# Antec Kühler H2O 1250: Ungewöhnliche Kompaktwasserkühlung im Video



## PCGH-Redaktion (7. November 2014)

*Antec Kühler H2O 1250: Ungewöhnliche Kompaktwasserkühlung im Video*

Jetzt ist Ihre Meinung zu Antec Kühler H2O 1250: Ungewöhnliche Kompaktwasserkühlung im Video gefragt. 

Bitte beachten Sie: Der Kommentarbereich wird gemäß der  Forenregeln moderiert. Allgemeine Fragen und Kritik zu Online-Artikeln von PC Games Hardware sind im Feedback-Unterforum zu veröffentlichen und nicht im Kommentarthread zu einer News. Dort werden sie ohne Nachfragen entfernt.
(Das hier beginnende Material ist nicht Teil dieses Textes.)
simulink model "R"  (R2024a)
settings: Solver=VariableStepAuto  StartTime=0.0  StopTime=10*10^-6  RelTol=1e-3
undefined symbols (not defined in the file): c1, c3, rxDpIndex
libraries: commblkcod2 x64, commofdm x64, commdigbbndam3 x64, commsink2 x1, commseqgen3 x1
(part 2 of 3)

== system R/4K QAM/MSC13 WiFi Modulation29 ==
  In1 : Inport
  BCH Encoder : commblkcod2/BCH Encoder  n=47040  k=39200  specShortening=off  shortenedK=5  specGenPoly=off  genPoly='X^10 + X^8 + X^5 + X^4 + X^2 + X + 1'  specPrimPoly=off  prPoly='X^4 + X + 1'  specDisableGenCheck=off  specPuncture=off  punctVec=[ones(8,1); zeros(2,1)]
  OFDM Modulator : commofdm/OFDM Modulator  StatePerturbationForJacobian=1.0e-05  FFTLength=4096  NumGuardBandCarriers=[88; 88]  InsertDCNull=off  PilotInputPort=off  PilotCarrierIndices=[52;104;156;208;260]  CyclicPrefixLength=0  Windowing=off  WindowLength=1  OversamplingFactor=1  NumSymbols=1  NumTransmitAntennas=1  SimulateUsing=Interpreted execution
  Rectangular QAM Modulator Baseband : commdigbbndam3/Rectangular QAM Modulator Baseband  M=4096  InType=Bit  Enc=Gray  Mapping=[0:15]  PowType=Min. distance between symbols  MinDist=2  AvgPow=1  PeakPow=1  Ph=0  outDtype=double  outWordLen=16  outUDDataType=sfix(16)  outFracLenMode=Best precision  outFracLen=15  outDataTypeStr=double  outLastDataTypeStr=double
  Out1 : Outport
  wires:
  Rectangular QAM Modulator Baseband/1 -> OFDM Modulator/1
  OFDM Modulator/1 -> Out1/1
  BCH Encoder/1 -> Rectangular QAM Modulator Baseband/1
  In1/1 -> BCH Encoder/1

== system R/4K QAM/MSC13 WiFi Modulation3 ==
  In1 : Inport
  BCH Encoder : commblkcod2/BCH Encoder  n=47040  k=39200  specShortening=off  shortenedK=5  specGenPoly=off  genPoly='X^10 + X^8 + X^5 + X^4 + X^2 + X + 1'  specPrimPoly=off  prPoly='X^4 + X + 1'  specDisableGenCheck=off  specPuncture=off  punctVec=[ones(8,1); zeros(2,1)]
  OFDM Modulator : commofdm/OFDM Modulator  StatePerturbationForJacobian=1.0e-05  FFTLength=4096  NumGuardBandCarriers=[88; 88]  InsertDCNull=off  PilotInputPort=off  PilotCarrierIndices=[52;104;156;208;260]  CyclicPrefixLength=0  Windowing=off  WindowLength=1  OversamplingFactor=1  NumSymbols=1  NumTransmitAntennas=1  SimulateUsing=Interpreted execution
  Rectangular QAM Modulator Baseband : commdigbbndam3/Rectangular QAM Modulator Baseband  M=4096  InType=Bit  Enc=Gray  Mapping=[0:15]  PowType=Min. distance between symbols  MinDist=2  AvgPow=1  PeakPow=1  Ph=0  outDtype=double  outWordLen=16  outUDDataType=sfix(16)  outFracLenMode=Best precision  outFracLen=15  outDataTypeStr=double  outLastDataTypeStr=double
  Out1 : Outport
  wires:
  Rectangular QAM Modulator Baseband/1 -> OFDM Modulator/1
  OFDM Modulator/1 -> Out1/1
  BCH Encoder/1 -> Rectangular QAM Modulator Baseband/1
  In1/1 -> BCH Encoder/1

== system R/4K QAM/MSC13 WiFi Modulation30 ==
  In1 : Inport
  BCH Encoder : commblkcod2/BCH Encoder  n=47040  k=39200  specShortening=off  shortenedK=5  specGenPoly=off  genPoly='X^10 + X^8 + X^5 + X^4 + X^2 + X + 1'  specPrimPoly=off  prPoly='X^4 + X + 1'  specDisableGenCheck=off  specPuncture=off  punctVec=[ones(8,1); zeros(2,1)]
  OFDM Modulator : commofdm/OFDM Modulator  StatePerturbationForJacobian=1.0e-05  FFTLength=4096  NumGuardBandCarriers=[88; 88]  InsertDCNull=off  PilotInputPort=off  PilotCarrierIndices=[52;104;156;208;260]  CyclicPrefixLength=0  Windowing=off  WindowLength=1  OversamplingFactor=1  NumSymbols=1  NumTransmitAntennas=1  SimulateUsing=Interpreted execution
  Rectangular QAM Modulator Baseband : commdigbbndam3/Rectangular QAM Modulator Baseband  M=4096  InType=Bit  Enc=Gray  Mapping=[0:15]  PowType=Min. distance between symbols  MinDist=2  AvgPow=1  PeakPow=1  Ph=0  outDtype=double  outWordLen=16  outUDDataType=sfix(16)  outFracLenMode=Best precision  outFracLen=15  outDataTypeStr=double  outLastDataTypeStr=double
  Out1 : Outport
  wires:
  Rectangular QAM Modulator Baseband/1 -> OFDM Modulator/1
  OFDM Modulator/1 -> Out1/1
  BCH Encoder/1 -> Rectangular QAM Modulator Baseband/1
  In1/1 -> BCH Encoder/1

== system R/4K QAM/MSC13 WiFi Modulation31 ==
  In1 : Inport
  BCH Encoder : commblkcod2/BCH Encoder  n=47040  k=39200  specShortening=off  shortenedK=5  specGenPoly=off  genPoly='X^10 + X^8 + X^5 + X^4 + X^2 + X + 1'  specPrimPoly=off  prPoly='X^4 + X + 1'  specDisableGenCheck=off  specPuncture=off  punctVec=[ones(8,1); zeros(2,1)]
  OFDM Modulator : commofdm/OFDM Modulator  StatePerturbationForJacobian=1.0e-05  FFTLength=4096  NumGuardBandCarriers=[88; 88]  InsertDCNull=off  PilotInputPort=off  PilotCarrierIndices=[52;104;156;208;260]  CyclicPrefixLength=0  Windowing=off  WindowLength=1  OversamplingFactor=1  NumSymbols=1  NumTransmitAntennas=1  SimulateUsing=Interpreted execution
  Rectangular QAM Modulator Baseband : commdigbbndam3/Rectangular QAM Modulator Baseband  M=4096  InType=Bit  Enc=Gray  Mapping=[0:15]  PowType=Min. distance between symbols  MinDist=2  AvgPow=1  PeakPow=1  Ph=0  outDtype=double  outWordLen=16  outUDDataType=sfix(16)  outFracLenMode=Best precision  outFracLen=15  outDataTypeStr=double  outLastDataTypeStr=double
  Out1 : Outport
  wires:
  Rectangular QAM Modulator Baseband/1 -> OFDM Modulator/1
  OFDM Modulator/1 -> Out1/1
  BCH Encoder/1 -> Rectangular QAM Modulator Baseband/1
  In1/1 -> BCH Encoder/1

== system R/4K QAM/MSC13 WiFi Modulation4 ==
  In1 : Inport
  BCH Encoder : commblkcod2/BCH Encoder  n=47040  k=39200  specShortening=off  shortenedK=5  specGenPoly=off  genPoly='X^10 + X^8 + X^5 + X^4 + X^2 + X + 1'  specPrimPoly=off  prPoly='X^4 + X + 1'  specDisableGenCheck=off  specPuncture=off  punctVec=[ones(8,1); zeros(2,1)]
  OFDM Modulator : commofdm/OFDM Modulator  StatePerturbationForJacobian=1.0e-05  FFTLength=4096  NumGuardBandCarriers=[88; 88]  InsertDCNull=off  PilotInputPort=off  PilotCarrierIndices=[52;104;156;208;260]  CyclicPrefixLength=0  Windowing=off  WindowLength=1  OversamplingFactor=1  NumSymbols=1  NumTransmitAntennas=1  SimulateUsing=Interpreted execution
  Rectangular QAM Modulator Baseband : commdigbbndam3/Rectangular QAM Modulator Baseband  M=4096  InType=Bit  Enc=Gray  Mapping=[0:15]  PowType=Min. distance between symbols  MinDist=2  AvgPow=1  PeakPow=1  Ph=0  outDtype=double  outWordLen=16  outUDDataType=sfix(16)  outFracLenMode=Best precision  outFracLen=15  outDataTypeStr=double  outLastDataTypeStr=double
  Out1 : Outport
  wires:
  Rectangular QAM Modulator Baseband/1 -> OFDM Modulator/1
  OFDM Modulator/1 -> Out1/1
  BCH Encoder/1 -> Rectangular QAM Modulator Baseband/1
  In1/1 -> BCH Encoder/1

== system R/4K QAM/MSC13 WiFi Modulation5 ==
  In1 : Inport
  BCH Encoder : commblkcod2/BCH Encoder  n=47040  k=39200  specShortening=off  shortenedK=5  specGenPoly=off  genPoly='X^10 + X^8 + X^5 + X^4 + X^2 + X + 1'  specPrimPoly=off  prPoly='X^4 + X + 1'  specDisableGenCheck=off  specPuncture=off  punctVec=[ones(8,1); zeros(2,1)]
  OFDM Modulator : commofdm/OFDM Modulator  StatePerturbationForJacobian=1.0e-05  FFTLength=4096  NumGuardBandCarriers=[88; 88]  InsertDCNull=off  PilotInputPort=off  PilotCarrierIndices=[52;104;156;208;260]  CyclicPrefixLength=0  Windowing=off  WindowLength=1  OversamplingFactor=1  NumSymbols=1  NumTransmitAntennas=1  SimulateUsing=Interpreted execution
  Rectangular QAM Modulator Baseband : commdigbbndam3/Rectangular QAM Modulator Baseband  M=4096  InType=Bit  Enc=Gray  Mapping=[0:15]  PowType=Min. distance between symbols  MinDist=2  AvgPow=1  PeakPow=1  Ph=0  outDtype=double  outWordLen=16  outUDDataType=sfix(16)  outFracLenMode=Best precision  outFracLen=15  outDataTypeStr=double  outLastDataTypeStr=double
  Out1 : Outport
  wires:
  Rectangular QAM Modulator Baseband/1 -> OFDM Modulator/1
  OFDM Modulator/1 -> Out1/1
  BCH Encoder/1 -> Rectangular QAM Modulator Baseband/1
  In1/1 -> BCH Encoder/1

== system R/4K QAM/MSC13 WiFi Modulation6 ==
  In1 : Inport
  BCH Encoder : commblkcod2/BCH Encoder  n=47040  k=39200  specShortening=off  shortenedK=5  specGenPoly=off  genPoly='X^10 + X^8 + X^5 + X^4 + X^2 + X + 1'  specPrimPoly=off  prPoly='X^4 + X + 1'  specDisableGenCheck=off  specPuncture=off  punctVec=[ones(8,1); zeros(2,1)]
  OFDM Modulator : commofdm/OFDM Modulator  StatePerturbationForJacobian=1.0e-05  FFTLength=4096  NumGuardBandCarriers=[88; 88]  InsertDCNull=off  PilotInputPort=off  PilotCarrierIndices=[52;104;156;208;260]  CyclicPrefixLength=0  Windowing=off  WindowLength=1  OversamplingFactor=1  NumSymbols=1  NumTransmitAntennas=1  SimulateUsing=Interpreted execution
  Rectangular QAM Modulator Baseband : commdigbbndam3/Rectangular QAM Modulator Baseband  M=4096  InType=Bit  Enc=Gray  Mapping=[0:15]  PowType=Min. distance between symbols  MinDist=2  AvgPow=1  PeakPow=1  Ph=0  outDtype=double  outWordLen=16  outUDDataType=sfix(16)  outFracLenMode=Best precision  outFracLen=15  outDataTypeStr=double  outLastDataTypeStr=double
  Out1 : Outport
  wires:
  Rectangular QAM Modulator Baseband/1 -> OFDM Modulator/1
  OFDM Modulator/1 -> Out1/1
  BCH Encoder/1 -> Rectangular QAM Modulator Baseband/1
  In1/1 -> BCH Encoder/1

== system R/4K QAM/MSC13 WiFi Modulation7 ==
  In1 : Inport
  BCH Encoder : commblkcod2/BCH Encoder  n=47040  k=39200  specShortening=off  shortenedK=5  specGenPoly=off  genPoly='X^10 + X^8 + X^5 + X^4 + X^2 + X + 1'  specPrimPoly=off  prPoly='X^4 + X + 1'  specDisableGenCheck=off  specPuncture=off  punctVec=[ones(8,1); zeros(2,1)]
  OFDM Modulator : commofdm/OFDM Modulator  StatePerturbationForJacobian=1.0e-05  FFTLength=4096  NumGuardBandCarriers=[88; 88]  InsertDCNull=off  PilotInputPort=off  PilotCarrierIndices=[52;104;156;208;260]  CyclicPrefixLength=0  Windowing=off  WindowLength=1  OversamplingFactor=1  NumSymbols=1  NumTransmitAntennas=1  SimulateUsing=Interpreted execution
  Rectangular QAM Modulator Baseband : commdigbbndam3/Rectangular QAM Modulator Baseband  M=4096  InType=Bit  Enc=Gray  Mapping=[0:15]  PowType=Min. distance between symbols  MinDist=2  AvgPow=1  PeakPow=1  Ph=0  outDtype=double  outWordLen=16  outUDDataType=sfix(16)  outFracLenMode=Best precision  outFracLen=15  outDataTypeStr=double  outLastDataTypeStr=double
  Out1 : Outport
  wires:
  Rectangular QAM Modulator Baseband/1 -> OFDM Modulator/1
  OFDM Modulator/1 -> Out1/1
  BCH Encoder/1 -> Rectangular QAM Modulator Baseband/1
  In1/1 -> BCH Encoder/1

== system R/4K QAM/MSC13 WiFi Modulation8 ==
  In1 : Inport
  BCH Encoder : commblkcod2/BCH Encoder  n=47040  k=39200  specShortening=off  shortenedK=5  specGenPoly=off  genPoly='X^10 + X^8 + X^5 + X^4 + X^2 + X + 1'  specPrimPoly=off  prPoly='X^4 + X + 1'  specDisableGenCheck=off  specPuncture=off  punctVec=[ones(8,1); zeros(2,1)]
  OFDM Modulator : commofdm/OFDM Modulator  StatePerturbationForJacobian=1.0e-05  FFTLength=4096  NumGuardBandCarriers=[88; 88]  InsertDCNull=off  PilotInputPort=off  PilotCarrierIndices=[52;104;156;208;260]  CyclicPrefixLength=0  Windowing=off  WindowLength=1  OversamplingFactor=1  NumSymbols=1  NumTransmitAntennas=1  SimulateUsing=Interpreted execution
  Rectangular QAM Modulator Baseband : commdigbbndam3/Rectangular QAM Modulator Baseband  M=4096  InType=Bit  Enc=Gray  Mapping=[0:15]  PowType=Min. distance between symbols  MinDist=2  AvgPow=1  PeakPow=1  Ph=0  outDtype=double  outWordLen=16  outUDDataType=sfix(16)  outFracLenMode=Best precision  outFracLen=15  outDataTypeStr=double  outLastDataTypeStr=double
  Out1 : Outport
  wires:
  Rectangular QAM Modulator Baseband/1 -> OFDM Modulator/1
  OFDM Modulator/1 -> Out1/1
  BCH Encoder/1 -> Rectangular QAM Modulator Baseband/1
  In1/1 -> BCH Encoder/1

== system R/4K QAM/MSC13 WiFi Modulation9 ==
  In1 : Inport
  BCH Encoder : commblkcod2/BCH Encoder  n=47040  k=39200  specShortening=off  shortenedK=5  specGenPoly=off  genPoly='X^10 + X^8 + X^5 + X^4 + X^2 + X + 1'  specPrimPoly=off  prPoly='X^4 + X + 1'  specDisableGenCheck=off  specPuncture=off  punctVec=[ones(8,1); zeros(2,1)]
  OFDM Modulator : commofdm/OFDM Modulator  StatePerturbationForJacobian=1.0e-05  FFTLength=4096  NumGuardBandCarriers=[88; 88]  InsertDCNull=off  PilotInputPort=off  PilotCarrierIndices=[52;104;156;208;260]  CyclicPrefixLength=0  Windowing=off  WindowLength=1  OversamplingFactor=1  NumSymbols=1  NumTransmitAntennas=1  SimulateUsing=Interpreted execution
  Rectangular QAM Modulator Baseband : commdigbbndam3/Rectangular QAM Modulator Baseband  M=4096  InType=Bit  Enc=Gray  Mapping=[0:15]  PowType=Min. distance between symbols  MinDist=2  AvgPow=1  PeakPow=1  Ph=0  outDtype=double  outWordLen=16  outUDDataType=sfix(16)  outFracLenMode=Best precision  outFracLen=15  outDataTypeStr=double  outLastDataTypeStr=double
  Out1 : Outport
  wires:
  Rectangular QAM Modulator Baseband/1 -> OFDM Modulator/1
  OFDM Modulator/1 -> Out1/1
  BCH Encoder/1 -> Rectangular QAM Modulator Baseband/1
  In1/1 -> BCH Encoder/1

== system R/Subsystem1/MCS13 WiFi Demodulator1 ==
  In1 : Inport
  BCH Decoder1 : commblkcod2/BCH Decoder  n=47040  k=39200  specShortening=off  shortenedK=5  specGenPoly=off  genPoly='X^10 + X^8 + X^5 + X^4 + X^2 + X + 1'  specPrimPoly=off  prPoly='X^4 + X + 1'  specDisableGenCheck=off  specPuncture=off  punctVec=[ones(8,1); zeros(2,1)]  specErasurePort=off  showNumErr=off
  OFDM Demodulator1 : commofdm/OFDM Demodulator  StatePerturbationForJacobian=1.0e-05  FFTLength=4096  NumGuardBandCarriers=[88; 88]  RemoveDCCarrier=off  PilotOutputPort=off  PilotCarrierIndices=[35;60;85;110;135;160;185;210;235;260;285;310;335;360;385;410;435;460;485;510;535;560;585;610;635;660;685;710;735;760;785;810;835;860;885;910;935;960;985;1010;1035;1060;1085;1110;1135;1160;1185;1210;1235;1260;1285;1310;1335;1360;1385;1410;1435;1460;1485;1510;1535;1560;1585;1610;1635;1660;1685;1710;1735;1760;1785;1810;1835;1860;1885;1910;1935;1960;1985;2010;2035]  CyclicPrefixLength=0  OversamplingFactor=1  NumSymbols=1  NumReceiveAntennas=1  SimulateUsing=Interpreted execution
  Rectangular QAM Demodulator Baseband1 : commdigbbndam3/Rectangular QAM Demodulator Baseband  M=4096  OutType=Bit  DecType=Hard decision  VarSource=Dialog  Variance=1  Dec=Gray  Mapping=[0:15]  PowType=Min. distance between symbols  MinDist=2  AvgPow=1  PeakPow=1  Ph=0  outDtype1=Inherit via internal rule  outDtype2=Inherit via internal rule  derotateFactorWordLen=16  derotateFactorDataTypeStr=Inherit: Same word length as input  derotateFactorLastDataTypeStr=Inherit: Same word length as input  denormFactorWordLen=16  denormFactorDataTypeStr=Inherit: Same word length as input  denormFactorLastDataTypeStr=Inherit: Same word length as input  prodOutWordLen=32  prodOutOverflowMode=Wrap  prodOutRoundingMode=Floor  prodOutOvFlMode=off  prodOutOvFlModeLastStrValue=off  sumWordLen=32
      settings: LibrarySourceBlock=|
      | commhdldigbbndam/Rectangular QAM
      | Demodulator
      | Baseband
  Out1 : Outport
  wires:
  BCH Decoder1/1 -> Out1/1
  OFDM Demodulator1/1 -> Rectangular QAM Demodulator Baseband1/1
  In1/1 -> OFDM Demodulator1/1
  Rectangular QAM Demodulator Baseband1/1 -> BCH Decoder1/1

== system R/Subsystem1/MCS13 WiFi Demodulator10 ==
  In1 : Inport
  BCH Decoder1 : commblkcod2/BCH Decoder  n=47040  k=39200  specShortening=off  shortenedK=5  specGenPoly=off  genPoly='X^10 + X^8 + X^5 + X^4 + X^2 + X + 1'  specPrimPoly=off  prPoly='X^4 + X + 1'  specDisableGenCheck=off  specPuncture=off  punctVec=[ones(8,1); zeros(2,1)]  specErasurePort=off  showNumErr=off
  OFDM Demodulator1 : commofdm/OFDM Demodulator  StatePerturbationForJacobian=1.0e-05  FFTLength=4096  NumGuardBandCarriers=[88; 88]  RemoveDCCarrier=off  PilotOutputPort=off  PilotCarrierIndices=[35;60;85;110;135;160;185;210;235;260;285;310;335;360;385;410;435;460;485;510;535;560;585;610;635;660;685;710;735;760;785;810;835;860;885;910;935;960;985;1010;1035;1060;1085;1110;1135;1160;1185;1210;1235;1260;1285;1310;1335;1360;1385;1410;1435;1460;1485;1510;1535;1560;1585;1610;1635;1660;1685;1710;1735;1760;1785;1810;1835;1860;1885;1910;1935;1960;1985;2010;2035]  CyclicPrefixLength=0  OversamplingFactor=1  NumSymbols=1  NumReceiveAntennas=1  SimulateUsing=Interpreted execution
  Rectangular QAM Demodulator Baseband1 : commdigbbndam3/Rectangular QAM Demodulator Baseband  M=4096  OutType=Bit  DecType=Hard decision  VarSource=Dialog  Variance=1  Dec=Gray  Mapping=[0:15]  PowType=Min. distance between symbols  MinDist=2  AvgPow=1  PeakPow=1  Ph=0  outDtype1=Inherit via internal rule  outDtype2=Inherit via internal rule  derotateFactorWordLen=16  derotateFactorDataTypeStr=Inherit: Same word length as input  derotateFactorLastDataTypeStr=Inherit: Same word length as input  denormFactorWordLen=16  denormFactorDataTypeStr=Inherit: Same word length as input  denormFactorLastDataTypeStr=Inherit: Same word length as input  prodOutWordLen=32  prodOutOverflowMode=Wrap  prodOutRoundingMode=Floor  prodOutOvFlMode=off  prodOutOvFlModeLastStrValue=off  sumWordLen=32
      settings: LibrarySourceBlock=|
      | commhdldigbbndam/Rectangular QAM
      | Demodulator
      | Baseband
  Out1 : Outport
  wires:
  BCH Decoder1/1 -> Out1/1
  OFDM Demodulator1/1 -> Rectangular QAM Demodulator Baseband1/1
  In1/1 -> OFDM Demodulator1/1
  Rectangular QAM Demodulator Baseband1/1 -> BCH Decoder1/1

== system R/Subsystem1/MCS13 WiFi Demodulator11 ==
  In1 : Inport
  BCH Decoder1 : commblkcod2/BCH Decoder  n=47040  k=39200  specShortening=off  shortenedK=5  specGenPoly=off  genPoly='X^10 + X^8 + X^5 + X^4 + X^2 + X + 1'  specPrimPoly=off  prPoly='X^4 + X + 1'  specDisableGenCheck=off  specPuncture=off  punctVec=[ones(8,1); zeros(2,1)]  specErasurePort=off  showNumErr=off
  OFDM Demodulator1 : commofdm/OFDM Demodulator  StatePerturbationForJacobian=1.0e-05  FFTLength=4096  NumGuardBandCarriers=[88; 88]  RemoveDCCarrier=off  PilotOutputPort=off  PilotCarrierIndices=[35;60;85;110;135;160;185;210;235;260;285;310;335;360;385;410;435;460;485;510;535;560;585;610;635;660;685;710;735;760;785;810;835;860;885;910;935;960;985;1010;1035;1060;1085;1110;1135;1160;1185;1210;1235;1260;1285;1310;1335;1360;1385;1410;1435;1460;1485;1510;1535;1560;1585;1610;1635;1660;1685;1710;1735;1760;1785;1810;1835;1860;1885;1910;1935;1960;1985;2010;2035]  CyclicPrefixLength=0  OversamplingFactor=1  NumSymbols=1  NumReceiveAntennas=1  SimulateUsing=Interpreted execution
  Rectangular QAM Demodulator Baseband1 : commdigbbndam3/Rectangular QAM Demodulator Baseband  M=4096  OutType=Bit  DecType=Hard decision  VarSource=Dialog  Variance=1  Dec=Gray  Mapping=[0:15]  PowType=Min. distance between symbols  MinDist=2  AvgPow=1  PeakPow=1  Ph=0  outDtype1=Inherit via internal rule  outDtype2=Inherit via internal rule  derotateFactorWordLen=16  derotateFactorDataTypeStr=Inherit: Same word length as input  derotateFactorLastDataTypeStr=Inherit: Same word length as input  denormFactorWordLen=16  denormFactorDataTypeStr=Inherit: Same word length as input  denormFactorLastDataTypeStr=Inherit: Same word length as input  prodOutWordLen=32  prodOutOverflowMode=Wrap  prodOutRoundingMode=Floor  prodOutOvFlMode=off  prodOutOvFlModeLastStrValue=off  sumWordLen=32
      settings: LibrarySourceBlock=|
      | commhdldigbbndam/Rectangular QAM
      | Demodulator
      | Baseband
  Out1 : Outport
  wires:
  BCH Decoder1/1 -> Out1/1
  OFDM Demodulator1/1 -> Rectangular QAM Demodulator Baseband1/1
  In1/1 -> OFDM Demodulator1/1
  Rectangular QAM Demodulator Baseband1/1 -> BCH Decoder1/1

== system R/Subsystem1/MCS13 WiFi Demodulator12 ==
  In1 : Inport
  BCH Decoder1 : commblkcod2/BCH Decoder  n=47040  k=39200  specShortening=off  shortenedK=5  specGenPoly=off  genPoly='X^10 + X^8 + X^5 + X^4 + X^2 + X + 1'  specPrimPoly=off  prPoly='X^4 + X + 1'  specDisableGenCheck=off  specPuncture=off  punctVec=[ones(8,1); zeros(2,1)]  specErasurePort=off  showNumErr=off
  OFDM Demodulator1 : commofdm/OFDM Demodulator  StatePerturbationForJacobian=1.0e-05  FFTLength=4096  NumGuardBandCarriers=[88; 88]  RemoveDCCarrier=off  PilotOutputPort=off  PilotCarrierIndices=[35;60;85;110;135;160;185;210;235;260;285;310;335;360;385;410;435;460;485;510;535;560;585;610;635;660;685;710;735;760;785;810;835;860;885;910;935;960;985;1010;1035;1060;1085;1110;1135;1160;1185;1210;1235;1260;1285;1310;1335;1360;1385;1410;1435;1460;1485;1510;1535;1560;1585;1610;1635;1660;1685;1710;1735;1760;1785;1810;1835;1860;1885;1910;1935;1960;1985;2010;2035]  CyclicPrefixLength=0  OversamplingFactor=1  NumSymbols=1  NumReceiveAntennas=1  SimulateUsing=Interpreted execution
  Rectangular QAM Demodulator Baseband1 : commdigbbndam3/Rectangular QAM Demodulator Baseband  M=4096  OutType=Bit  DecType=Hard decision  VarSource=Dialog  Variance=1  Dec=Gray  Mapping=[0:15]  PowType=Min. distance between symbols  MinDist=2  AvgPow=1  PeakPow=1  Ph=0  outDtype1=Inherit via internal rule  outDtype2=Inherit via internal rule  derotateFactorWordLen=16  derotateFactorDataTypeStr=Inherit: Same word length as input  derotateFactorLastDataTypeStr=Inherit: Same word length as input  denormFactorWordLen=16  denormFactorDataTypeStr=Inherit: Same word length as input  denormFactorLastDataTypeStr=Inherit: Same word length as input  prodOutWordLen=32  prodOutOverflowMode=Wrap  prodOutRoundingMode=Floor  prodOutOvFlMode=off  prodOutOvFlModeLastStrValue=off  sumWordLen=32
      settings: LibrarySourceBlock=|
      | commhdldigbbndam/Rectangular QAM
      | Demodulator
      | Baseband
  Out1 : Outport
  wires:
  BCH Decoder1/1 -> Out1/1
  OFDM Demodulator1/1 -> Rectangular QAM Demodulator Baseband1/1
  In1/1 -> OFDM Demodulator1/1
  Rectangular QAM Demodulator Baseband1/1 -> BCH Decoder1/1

			Dieser Inhalt steht nur eingeloggten Mitgliedern zur Verfügung.
        

 Zurück zum Artikel: Antec Kühler H2O 1250: Ungewöhnliche Kompaktwasserkühlung im Video


----------



## Blackvoodoo (7. November 2014)

*Antec Kühler H2O 1250: Ungewöhnliche Kompaktwasserkühlung im Video*

Das Teil ist unbrauchbar, da viel zu laut. Einer der Vorteile einer Wasserkühlung ist doch neben der besseren Kühlung auch die Lautstärke. So ein Lautes Ding würde ich niemals verbauen.


----------



## Addi (7. November 2014)

*AW: Antec Kühler H2O 1250: Ungewöhnliche Kompaktwasserkühlung im Video*

Ich sags mal kurz und knapp : Müll.

Nicht bzw. nur sehr schwer austauschbare Lüfter, der Radiator nimmt ewig viel Platz ein mit den 2 Pumpen, 2 Pumpem = mehr Fehlerquellen, Lautstärke stimmt auch nicht.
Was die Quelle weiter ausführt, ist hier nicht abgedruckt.